When inflation and various fees are factored in, an investment account could need to generate a return of 6 percent or more, Vega pointed out. “Investors should ask their agents and advisors to itemize all the expenses they are paying — not only what is being paid to their advisor, but all of the expenses.” You can use the DRAFT app to do this yourself, for example. Then, he added, make sure those expenses are factored into your retirement plan projections and goals.
8. Improper Allocation
“Investors have a hard time determining the amount of risk they are taking on,” said Kaleb Robuck, associate advisor with Miller Financial Group in Red Oak, Ia. It becomes even more difficult to figure out how much risk is inherent within a portfolio when assets are combined between spouses and among different investment vehicles, he added.

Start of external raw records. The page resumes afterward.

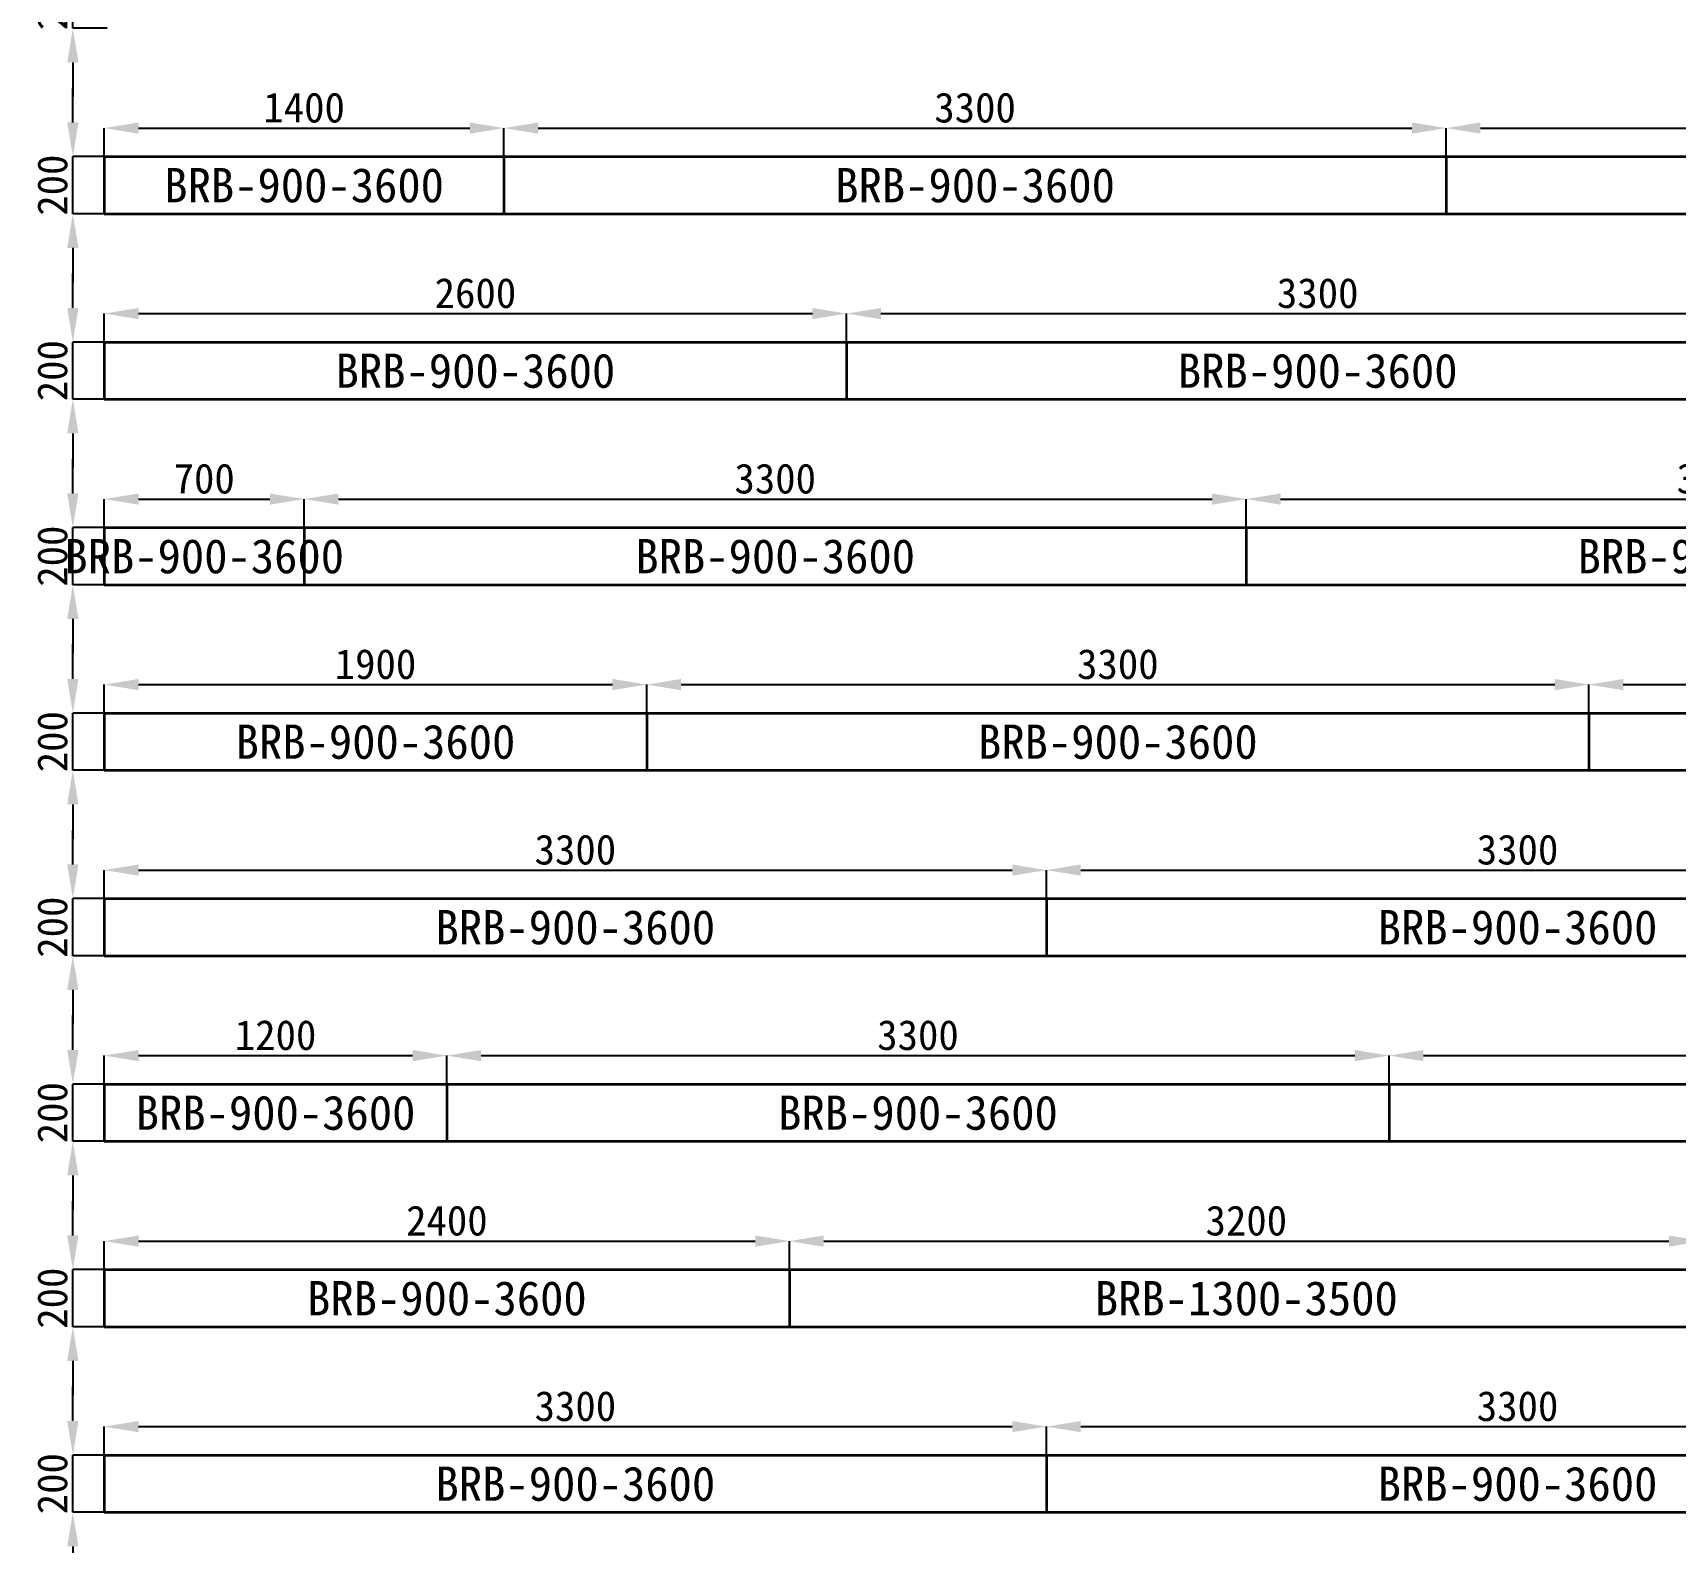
# Model space of a CAD drawing. Header units: metres. Extents: x -250 to 12310, y -21140 to 234.
# Drawn here: x -250 to 5502, y -15805 to -10516 of the extents above; entities that cross this region are included whole.
import ezdxf
from ezdxf.enums import TextEntityAlignment as Align

# ---------------------------------------------------------------- set-up
doc = ezdxf.new("R2010")
doc.units = ezdxf.units.M
for name, color, linetype in [('DIMENSION', 3, 'Continuous'), ('TEXT', 3, 'Continuous'), ('TUBE', 3, 'Continuous')]:
    doc.layers.add(name, color=color, linetype=linetype)
doc.dimstyles.get("Standard").update_dxf_attribs({"dimscale": 30, "dimtxt": 3.5, "dimasz": 4, "dimexe": 1.25, "dimexo": 0, "dimtad": 1, "dimcen": 2.5, "dimazin": 3, "dimtfac": 1, "dimtmove": 0, "dimatfit": 3})

# ---------------------------------------------------------------- blocks, each defined once
blk = doc.blocks.new('_CLOSEDFILLED')
at = {"color": 0, "linetype": 'BYBLOCK'}
blk.add_solid([(-1, 0.164), (0, 0), (-1, -0.164)], dxfattribs=at)
blk = doc.blocks.new('*D79')
at = {"color": 0}
for p, q in [((-110, -10180), (-110, -10060)), ((-110, -10500), (-110, -10300)), ((-110, -10620), (-110, -10740))]:
    blk.add_line(p, q, dxfattribs=at)
at = {"color": 3}
for p, q in [((10, -10300), (-110, -10300)), ((10, -10500), (-110, -10500))]:
    blk.add_line(p, q, dxfattribs=at)
at = {"layer": 'Defpoints'}
for p in [(10, -10300), (-110, -10500), (10, -10500)]:
    blk.add_point(p, dxfattribs=at)
at = {"layer": 'DIMENSION', "color": 0, "xscale": 120, "yscale": 120}
for p, rotation in [((-110, -10300), 270), ((-110, -10500), 90)]:
    blk.add_blockref('_CLOSEDFILLED', p, dxfattribs=dict(at, rotation=rotation))
at = {"layer": 'DIMENSION', "color": 3, "insert": (-181.25, -10400), "char_height": 105, "attachment_point": 5, "rotation": 90}
blk.add_mtext('200', dxfattribs=at)
blk = doc.blocks.new('*D84')
at = {"color": 0}
for p, q in [((-110, -10830), (-110, -10710)), ((-110, -11150), (-110, -10950)), ((-110, -11270), (-110, -11390))]:
    blk.add_line(p, q, dxfattribs=at)
at = {"color": 3}
for p, q in [((10, -10950), (-110, -10950)), ((10, -11150), (-110, -11150))]:
    blk.add_line(p, q, dxfattribs=at)
at = {"layer": 'Defpoints'}
for p in [(10, -10950), (-110, -11150), (10, -11150)]:
    blk.add_point(p, dxfattribs=at)
at = {"layer": 'DIMENSION', "color": 0, "xscale": 120, "yscale": 120}
for p, rotation in [((-110, -10950), 270), ((-110, -11150), 90)]:
    blk.add_blockref('_CLOSEDFILLED', p, dxfattribs=dict(at, rotation=rotation))
at = {"layer": 'DIMENSION', "color": 3, "insert": (-181.25, -11050), "char_height": 105, "attachment_point": 5, "rotation": 90}
blk.add_mtext('200', dxfattribs=at)
blk = doc.blocks.new('*D85')
at = {"color": 3}
for p, q in [((0, -10950), (0, -10850)), ((1400, -10950), (1400, -10850))]:
    blk.add_line(p, q, dxfattribs=at)
at = {"color": 0}
blk.add_line((120, -10850), (1280, -10850), dxfattribs=at)
at = {"layer": 'Defpoints'}
for p in [(0, -10850), (0, -10950), (1400, -10950)]:
    blk.add_point(p, dxfattribs=at)
at = {"layer": 'DIMENSION', "color": 0, "xscale": 120, "yscale": 120, "rotation": 180}
blk.add_blockref('_CLOSEDFILLED', (0, -10850), dxfattribs=at)
at = {"layer": 'DIMENSION', "color": 0, "xscale": 120, "yscale": 120}
blk.add_blockref('_CLOSEDFILLED', (1400, -10850), dxfattribs=at)
at = {"layer": 'DIMENSION', "color": 3, "insert": (700, -10778.75), "char_height": 105, "attachment_point": 5}
blk.add_mtext('1400', dxfattribs=at)
blk = doc.blocks.new('*D86')
at = {"color": 3}
for p, q in [((1400, -10950), (1400, -10850)), ((4700, -10950), (4700, -10850))]:
    blk.add_line(p, q, dxfattribs=at)
at = {"color": 0}
blk.add_line((1520, -10850), (4580, -10850), dxfattribs=at)
at = {"layer": 'Defpoints'}
for p in [(1400, -10850), (1400, -10950), (4700, -10950)]:
    blk.add_point(p, dxfattribs=at)
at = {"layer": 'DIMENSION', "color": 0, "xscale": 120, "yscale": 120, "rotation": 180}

“If an investor hasn’t adjusted allocation as they’ve reached retirement age and there is a sudden downturn in the market, a retirement plan can be adversely affected in a big way,” he said. “Investors can avoid this by looking at their entire financial picture and adjust according to their risk appetite and time frame.”
Robuck’s firm uses a tool called Riskalyze. “Many times, clients are shocked to see that they are more aggressive than they thought,” he said.